(Source data)

= Beginning of Section =

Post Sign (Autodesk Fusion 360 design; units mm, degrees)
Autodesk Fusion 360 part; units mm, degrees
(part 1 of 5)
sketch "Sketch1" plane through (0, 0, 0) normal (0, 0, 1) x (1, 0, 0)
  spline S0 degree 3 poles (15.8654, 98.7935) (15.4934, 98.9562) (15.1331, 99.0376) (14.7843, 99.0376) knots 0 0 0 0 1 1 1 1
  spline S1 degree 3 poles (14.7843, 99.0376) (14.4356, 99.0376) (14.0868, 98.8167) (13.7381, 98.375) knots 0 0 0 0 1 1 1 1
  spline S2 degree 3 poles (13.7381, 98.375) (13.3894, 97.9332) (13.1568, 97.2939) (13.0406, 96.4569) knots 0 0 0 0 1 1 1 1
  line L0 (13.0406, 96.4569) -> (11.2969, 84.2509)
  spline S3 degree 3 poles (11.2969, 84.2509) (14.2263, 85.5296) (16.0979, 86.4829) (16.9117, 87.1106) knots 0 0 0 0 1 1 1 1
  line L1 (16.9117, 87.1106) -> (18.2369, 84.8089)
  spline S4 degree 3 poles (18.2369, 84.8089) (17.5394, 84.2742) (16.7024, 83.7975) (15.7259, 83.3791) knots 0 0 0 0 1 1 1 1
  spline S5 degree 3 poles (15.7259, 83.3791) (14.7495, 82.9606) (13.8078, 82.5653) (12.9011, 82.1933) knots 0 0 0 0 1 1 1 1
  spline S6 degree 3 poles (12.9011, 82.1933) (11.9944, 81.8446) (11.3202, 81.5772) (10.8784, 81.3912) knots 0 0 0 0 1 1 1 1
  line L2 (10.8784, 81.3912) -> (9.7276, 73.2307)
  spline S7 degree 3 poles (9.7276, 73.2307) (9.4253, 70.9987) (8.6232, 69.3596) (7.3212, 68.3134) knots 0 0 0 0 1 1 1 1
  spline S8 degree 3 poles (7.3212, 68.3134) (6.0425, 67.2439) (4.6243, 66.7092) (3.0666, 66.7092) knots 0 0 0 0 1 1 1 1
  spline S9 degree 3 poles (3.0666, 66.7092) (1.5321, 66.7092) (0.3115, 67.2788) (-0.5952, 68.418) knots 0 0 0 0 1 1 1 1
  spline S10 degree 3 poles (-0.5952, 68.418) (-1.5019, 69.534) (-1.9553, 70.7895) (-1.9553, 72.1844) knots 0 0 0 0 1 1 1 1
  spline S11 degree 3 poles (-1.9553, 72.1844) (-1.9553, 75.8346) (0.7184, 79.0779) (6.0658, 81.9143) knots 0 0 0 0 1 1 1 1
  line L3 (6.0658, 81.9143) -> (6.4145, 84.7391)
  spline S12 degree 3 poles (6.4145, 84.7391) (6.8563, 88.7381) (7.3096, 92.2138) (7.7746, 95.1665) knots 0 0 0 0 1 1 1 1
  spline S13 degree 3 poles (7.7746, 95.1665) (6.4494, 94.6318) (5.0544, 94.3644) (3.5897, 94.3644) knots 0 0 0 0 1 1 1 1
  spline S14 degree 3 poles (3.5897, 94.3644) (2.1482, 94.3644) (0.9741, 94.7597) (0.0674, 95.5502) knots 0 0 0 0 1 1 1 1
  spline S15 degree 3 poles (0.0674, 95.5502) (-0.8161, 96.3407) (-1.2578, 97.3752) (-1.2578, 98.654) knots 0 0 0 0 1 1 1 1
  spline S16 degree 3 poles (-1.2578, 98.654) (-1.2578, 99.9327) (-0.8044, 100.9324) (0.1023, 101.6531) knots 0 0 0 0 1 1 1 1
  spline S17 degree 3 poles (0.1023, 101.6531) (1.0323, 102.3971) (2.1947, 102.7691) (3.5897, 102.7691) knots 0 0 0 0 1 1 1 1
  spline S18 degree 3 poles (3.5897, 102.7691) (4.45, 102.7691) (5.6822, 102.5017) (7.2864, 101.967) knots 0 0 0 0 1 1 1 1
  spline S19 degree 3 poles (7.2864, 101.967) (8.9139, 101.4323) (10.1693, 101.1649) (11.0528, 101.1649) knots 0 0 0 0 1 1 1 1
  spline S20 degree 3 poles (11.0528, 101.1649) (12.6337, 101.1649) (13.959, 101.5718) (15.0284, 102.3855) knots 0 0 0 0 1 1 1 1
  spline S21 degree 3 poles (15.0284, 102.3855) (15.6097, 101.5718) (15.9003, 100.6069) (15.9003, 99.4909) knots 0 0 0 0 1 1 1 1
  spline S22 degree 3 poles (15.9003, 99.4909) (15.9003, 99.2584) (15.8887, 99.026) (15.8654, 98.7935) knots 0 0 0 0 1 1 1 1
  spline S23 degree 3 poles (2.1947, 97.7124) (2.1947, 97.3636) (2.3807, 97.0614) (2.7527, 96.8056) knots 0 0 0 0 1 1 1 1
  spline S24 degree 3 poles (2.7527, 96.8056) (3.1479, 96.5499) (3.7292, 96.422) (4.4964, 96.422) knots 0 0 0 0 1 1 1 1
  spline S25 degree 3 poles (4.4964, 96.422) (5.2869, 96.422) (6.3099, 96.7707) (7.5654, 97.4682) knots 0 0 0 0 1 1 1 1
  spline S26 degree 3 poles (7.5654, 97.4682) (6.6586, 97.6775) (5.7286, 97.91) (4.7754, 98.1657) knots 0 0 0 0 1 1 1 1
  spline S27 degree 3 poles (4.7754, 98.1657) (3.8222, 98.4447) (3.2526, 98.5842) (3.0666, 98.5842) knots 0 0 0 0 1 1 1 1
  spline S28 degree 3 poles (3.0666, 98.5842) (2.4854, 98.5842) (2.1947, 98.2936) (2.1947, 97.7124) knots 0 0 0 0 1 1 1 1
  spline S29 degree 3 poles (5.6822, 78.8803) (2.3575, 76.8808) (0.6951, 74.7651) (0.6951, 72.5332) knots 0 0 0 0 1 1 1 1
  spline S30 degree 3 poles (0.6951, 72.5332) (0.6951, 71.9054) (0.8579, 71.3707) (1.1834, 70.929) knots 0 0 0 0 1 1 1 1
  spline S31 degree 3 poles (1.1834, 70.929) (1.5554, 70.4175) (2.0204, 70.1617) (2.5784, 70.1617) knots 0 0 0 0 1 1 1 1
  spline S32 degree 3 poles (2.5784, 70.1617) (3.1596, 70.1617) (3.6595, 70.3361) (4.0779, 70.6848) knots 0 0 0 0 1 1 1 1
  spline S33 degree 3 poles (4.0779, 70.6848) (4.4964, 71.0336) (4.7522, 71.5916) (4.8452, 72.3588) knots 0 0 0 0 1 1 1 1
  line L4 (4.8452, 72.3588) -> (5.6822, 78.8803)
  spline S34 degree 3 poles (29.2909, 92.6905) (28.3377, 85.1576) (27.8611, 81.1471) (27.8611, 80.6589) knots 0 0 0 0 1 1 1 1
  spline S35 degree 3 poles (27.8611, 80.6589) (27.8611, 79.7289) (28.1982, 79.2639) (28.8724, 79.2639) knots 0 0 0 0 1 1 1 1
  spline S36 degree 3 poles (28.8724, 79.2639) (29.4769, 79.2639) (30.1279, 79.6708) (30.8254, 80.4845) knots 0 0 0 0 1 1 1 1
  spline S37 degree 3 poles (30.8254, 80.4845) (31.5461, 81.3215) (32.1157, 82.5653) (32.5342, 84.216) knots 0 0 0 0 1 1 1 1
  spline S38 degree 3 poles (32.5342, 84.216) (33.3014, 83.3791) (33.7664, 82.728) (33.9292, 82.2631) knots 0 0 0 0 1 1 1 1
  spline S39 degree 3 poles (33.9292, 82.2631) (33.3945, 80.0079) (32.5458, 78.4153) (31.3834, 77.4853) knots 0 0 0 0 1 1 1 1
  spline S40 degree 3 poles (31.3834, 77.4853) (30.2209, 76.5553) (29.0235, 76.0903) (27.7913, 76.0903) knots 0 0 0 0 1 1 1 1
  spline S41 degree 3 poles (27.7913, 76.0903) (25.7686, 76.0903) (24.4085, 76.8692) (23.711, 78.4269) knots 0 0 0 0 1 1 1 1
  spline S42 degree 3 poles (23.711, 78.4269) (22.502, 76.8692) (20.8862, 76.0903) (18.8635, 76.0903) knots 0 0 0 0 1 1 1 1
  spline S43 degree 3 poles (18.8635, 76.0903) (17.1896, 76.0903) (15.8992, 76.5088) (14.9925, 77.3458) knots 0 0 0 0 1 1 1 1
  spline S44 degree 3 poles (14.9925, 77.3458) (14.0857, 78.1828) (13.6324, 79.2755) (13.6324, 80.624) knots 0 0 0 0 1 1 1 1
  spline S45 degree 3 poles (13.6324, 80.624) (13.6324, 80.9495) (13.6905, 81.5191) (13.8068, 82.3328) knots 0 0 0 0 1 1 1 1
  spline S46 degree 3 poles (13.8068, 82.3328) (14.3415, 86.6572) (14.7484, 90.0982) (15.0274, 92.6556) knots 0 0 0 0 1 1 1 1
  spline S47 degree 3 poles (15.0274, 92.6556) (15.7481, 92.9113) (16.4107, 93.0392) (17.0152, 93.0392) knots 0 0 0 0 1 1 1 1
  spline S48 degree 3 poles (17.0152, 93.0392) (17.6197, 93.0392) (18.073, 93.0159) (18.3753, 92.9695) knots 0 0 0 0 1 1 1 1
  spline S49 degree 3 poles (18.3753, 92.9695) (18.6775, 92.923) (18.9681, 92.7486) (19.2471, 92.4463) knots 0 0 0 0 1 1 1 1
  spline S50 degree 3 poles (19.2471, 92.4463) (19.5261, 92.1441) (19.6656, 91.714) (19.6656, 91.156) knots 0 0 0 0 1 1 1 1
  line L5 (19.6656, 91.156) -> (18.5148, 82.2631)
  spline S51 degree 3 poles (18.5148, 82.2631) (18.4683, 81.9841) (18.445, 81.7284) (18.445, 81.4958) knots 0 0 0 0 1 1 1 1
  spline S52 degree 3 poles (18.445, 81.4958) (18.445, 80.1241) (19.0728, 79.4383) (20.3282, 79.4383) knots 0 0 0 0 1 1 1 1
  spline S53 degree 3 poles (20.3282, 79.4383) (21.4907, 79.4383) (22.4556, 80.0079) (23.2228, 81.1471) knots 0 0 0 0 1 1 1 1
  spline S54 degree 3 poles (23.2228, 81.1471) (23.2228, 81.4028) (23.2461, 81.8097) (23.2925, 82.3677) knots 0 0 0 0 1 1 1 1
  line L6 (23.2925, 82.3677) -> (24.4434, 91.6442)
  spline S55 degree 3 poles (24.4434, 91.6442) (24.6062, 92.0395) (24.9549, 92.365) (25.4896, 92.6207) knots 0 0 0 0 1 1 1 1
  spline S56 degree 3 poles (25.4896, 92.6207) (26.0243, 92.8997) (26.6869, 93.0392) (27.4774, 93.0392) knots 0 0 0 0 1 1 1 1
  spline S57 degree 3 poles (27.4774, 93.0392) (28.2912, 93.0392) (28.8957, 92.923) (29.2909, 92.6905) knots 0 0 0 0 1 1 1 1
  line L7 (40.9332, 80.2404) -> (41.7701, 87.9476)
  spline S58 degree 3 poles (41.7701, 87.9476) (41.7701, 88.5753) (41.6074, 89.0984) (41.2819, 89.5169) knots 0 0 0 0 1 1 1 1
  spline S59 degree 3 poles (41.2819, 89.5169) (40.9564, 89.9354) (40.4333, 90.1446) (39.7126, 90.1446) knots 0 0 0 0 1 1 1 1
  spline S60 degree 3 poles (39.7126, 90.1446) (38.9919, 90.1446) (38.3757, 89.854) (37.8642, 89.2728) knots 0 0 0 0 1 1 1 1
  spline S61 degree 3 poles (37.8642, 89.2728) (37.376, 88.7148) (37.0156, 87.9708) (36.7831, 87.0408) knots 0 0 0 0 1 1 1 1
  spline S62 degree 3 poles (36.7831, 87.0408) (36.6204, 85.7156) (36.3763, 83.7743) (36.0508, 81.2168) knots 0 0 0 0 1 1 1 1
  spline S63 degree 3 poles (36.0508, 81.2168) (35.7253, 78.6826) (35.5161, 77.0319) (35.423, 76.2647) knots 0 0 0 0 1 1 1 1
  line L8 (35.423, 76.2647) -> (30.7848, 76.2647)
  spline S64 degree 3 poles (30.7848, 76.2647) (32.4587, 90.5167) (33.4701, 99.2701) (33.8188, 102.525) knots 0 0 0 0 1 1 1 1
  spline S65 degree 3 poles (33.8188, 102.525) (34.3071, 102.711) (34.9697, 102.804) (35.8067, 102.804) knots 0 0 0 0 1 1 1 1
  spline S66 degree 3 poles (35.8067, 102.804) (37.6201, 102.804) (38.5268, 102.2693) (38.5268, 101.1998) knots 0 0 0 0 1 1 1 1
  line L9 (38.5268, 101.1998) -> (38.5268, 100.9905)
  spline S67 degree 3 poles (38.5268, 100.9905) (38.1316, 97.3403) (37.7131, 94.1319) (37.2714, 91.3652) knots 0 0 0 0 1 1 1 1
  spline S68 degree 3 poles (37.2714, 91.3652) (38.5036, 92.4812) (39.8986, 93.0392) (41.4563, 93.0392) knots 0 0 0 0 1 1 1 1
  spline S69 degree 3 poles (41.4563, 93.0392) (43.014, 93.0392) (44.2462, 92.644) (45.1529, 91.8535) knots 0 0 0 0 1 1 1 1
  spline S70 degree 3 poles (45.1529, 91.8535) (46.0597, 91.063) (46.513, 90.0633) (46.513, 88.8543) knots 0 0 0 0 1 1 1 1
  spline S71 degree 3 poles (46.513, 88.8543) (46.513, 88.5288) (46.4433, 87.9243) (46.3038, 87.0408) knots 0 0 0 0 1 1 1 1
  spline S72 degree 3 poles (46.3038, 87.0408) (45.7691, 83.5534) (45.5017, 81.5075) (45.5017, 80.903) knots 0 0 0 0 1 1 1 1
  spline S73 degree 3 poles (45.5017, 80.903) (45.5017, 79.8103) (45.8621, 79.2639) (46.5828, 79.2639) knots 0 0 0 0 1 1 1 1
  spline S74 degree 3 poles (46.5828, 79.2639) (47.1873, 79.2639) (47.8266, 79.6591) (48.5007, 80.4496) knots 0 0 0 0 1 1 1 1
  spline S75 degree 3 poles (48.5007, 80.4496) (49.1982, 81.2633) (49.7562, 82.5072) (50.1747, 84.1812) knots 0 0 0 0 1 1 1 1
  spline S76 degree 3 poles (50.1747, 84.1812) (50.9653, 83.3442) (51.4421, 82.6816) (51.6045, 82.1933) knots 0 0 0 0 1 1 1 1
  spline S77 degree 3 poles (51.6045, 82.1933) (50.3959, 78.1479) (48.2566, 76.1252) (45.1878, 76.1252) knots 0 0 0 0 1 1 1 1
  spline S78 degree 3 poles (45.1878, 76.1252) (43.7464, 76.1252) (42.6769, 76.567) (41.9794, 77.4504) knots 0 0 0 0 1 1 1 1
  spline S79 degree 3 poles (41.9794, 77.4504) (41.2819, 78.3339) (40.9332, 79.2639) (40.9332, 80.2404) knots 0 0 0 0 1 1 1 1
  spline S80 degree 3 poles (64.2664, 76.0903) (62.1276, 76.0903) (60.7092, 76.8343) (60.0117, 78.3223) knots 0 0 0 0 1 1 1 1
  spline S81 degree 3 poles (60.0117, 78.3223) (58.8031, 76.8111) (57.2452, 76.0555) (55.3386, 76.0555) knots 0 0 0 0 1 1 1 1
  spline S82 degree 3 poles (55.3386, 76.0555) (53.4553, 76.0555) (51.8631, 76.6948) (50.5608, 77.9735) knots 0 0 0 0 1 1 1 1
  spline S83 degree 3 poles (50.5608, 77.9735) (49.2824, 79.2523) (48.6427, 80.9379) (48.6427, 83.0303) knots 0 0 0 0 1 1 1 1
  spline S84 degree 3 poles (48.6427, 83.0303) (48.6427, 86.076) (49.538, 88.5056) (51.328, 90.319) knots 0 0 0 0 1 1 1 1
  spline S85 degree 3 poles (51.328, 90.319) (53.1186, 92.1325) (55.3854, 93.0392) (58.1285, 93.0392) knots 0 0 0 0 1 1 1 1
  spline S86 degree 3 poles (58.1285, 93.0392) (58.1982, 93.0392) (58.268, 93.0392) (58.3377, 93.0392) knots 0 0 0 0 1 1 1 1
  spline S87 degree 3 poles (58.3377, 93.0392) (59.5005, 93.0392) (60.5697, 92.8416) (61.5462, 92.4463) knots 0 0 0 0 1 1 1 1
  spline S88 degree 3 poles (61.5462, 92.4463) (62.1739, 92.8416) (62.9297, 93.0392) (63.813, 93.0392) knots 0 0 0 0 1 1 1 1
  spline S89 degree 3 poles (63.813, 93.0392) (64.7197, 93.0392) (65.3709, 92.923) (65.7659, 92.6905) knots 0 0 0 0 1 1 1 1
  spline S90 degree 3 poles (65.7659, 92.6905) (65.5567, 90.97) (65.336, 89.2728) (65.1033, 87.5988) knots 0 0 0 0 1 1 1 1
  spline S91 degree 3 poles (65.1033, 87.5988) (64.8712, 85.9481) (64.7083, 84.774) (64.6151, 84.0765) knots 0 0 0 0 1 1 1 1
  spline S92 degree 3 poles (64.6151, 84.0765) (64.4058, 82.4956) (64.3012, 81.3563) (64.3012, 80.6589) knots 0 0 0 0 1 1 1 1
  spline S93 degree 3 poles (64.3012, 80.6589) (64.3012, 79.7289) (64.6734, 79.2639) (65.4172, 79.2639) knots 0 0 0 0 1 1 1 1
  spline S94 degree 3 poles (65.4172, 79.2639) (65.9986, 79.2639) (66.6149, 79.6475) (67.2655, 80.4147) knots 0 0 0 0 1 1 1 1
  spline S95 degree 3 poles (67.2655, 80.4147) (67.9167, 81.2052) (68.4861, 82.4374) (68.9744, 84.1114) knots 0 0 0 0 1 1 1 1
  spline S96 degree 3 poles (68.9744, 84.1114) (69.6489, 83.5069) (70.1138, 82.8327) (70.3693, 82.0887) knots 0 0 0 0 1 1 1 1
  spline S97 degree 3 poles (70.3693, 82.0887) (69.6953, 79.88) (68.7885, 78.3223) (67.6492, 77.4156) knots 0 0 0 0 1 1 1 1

= End of Section =

About this task
The answer is the run of lines above from the line containing "line L4 (4.8452, 72.3588)" through the line containing "spline S36 degree", copied exactly and alone.

Written reply
  line L4 (4.8452, 72.3588) -> (5.6822, 78.8803)
  spline S34 degree 3 poles (29.2909, 92.6905) (28.3377, 85.1576) (27.8611, 81.1471) (27.8611, 80.6589) knots 0 0 0 0 1 1 1 1
  spline S35 degree 3 poles (27.8611, 80.6589) (27.8611, 79.7289) (28.1982, 79.2639) (28.8724, 79.2639) knots 0 0 0 0 1 1 1 1
  spline S36 degree 3 poles (28.8724, 79.2639) (29.4769, 79.2639) (30.1279, 79.6708) (30.8254, 80.4845) knots 0 0 0 0 1 1 1 1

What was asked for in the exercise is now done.